--- START ---

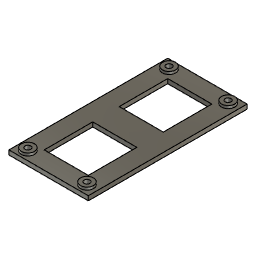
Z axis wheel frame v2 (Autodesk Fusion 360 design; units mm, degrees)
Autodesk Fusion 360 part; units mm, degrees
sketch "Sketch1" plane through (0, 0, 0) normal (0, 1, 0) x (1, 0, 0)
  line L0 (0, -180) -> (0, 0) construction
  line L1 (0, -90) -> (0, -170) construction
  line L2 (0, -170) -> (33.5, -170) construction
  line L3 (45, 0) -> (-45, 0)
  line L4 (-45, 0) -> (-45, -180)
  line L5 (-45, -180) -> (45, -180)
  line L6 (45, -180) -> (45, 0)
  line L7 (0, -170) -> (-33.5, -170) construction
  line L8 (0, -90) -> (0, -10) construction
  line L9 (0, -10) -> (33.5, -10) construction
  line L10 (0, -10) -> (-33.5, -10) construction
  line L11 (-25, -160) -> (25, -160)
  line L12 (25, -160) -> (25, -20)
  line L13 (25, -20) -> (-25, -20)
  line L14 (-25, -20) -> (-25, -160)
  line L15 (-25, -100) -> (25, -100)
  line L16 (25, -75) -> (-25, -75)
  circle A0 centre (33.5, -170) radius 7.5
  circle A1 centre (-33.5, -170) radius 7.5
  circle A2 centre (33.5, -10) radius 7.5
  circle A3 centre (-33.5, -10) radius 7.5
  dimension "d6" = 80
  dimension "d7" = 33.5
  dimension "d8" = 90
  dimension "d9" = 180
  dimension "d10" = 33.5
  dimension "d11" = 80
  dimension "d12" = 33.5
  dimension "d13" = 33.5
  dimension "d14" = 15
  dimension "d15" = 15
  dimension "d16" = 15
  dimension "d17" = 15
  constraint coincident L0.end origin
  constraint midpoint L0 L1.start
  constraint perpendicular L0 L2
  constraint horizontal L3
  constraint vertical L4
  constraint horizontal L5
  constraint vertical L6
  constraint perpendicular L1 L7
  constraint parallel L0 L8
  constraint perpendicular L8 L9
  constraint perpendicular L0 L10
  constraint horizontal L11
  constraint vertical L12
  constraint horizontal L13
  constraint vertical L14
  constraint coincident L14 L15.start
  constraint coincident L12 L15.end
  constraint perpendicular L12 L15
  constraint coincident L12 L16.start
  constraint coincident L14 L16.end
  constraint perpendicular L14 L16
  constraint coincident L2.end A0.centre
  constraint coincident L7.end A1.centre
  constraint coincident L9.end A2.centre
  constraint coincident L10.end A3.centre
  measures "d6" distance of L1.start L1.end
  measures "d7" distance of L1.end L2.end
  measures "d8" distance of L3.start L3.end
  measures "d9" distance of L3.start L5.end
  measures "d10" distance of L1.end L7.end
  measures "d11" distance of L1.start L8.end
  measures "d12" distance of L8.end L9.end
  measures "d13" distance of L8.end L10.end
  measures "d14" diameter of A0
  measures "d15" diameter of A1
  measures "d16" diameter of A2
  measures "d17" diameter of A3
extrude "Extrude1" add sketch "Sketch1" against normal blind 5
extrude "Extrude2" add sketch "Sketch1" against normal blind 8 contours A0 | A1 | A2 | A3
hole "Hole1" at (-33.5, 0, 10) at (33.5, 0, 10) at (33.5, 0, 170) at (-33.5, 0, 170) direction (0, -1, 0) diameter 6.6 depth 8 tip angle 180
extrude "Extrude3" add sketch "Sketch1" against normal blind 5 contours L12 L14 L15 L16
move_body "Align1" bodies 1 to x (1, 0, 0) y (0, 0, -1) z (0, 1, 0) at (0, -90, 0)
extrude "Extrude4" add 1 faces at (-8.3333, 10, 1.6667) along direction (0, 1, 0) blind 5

--- END ---

• [Exercise brief]:
In the entries above, the lines from the one bearing "line L1 (0, -90) -> (0, -170) construction" up to and including the one bearing "line L8 (0, -90) -> (0, -10) construction" should be transcribed exactly; no other line is wanted.

• [Response for this exercise]:
  line L1 (0, -90) -> (0, -170) construction
  line L2 (0, -170) -> (33.5, -170) construction
  line L3 (45, 0) -> (-45, 0)
  line L4 (-45, 0) -> (-45, -180)
  line L5 (-45, -180) -> (45, -180)
  line L6 (45, -180) -> (45, 0)
  line L7 (0, -170) -> (-33.5, -170) construction
  line L8 (0, -90) -> (0, -10) construction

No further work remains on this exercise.